WORK ITEM:
For the records that follow, give the number of lines containing the word "Groud", with no added text.

(MATERIALS PROVIDED Opens)

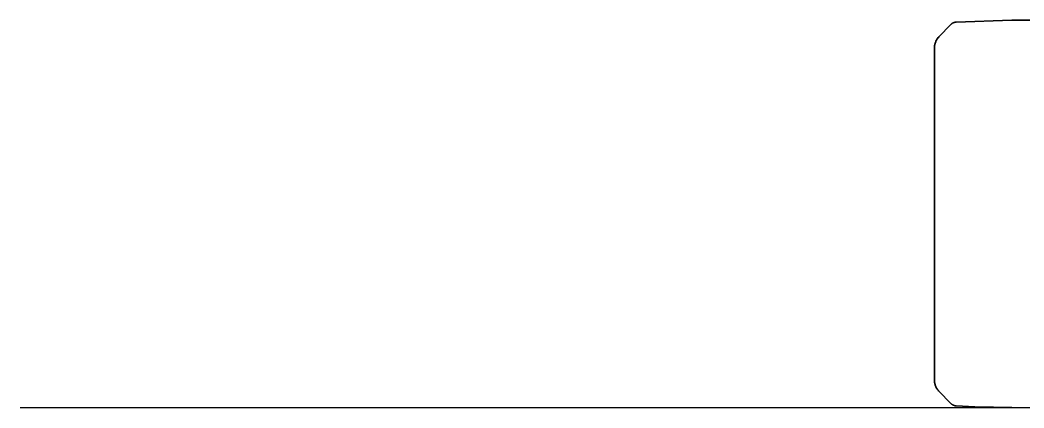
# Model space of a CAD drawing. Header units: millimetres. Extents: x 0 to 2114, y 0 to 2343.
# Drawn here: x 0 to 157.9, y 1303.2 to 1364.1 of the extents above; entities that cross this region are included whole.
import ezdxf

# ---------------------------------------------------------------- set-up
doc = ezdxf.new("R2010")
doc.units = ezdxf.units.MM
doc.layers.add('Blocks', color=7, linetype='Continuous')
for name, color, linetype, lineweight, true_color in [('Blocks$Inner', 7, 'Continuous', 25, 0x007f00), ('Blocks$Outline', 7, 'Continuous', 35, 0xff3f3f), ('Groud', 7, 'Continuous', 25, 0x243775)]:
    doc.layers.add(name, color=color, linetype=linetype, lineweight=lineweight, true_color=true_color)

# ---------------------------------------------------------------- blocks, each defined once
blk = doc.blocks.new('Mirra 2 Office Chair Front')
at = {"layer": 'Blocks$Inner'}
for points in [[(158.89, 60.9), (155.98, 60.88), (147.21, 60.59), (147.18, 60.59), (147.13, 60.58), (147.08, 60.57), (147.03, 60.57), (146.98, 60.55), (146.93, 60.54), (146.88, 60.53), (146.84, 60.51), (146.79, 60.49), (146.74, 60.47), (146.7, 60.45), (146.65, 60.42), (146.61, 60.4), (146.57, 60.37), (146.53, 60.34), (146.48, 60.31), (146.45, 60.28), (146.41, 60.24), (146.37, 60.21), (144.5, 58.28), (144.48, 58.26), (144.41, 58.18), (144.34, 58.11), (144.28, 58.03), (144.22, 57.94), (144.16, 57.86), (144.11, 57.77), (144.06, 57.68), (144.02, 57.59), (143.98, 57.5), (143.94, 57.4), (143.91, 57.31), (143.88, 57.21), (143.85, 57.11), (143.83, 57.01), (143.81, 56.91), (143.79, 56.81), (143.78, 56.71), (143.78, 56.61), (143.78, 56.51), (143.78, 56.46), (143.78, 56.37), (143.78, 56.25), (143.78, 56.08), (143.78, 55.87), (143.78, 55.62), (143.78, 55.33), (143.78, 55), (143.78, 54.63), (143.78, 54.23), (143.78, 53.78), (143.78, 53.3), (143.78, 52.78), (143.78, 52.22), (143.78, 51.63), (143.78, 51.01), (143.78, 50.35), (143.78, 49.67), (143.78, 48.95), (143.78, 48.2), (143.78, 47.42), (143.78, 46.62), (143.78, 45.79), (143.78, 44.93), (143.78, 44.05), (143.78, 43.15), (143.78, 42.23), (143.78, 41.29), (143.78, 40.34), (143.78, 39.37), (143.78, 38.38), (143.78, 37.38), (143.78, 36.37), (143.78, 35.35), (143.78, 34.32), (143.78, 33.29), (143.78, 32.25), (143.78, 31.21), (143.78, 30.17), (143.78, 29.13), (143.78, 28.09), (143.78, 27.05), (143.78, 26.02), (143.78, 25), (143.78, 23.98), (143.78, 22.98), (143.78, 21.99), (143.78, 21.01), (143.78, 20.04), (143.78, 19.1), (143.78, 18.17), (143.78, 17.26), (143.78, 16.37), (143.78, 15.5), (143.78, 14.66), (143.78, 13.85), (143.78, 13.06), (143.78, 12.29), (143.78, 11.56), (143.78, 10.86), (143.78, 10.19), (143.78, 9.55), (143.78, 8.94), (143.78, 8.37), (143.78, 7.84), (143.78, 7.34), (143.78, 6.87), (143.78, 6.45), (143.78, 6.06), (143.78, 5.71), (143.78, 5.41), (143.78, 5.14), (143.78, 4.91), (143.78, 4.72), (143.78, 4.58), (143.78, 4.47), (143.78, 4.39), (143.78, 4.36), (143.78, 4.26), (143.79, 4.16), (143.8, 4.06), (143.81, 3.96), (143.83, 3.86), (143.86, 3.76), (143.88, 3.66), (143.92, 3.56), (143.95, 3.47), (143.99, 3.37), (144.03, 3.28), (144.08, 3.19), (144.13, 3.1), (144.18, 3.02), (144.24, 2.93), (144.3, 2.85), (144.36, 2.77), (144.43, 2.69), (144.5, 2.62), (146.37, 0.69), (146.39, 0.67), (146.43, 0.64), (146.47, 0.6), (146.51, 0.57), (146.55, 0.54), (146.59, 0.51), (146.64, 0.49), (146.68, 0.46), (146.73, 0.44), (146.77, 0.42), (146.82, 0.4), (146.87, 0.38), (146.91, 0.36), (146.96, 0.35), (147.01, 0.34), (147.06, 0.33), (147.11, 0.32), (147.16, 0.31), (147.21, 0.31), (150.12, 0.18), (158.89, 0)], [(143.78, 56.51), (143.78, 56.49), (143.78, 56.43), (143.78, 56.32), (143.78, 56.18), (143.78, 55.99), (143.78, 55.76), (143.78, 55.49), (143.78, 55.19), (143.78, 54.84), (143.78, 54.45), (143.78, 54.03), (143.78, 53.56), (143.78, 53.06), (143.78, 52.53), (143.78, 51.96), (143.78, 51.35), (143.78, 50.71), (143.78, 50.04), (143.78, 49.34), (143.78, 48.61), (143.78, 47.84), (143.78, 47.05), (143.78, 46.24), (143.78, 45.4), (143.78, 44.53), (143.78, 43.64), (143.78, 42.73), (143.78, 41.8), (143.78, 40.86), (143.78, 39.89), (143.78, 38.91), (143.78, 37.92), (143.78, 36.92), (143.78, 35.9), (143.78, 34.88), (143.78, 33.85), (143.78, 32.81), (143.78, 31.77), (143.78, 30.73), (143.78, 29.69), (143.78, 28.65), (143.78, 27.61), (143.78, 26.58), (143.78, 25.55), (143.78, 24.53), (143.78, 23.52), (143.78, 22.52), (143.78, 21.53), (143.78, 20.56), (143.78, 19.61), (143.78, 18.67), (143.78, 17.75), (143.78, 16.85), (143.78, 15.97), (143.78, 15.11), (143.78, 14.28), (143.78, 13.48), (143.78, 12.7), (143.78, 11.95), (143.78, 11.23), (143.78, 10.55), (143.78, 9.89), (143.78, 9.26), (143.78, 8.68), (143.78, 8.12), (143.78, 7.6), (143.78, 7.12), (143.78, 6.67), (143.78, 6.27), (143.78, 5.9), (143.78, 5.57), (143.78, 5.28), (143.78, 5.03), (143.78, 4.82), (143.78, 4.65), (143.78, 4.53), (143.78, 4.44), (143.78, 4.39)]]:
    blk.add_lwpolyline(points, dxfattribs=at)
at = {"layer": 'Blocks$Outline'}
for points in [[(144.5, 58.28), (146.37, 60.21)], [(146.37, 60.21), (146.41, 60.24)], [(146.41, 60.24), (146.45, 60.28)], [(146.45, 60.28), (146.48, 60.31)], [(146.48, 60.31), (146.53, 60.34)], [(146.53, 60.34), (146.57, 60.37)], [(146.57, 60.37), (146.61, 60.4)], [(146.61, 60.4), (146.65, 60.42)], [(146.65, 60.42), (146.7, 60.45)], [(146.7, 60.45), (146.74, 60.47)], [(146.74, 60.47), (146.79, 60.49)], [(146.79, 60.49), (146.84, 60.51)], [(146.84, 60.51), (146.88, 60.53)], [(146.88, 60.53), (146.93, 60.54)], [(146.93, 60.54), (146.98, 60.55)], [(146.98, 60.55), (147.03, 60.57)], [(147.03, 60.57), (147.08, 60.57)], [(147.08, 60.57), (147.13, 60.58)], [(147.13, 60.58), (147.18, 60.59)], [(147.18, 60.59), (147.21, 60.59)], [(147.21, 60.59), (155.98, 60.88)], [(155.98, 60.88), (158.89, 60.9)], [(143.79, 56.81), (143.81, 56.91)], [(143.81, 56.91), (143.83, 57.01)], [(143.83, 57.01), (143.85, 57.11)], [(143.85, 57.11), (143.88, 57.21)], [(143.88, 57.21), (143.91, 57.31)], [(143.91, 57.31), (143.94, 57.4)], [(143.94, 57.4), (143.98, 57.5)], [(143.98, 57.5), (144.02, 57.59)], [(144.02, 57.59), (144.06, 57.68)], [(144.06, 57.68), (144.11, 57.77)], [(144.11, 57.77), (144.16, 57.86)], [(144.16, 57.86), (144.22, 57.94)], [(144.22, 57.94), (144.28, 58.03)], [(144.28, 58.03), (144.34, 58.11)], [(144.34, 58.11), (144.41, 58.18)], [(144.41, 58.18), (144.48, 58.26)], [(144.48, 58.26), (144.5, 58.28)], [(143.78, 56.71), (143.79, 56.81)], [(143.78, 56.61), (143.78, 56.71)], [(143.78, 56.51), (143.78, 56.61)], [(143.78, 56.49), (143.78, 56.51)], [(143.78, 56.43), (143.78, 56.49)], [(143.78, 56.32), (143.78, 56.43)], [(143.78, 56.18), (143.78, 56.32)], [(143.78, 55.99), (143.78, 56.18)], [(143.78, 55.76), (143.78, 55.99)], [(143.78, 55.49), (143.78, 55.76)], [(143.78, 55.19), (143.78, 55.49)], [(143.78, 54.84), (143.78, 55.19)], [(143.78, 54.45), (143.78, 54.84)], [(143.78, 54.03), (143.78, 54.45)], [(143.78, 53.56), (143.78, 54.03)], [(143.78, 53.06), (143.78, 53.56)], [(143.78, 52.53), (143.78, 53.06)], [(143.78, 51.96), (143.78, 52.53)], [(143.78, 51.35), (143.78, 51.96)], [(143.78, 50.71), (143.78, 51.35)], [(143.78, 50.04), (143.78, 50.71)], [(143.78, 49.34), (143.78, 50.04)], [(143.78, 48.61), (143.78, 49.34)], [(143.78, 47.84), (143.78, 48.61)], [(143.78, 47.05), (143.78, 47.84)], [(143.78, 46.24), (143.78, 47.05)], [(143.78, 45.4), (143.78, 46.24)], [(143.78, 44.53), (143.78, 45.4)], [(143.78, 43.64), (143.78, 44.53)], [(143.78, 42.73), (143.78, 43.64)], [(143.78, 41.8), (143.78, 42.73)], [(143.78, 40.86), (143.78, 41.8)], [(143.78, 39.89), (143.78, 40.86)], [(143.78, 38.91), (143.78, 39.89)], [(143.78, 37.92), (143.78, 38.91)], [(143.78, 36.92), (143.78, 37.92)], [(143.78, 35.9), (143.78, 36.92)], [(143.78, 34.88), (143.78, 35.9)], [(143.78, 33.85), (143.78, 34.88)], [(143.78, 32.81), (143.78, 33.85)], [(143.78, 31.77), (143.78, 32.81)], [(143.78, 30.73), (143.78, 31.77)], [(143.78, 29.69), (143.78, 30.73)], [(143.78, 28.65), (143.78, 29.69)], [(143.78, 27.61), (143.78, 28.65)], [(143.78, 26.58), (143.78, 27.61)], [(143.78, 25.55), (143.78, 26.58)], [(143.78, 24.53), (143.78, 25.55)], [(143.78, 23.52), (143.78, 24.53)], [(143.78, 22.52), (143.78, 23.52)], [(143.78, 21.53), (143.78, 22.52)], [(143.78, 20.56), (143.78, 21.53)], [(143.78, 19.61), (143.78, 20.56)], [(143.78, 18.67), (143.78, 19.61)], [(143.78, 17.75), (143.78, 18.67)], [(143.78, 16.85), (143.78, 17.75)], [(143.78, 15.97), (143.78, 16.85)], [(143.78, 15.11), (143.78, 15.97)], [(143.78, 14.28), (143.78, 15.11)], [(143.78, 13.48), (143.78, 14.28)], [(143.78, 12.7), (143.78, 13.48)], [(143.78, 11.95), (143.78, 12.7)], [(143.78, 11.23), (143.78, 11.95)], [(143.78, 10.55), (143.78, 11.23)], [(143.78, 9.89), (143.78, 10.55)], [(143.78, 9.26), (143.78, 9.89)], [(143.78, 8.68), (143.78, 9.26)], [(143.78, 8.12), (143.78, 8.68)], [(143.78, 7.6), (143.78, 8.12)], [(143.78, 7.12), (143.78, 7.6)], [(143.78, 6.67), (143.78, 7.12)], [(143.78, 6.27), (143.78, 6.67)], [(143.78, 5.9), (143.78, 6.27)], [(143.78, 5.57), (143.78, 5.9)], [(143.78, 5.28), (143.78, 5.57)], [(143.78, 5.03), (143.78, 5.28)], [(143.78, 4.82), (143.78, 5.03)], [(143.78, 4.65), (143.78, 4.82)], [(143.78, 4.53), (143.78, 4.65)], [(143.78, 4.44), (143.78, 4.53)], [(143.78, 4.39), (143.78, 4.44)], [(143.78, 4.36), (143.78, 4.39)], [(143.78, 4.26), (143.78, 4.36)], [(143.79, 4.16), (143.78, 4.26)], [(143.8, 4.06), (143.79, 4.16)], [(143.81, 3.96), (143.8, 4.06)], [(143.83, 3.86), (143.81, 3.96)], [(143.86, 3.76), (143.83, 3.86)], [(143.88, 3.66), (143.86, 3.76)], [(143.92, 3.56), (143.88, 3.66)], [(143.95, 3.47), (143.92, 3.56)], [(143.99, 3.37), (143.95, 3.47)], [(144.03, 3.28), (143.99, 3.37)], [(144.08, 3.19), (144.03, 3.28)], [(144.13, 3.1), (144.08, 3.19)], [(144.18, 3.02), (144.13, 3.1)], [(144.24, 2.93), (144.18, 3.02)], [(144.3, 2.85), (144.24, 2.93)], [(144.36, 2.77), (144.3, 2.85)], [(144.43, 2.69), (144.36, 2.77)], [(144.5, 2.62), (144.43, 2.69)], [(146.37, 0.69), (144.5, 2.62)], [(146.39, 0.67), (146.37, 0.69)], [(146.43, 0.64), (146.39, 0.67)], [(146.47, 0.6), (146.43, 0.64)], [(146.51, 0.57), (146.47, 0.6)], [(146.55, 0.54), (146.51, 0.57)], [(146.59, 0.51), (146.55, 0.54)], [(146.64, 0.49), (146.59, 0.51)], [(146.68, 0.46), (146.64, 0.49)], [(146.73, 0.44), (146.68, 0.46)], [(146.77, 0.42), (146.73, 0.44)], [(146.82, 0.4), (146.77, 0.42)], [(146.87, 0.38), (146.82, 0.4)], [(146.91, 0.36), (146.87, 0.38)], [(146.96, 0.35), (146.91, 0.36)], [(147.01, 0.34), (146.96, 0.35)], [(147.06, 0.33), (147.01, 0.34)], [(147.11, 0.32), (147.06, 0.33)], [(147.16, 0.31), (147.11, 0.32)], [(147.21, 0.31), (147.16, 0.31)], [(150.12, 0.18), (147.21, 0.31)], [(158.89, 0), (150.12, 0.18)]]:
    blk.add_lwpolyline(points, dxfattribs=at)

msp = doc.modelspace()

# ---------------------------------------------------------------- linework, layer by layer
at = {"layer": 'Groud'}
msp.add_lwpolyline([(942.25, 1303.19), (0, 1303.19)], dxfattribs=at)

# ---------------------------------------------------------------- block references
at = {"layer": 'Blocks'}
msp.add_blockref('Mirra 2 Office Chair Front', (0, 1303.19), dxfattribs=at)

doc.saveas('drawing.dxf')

(MATERIALS PROVIDED Closes)

RESPONSE AREA:
2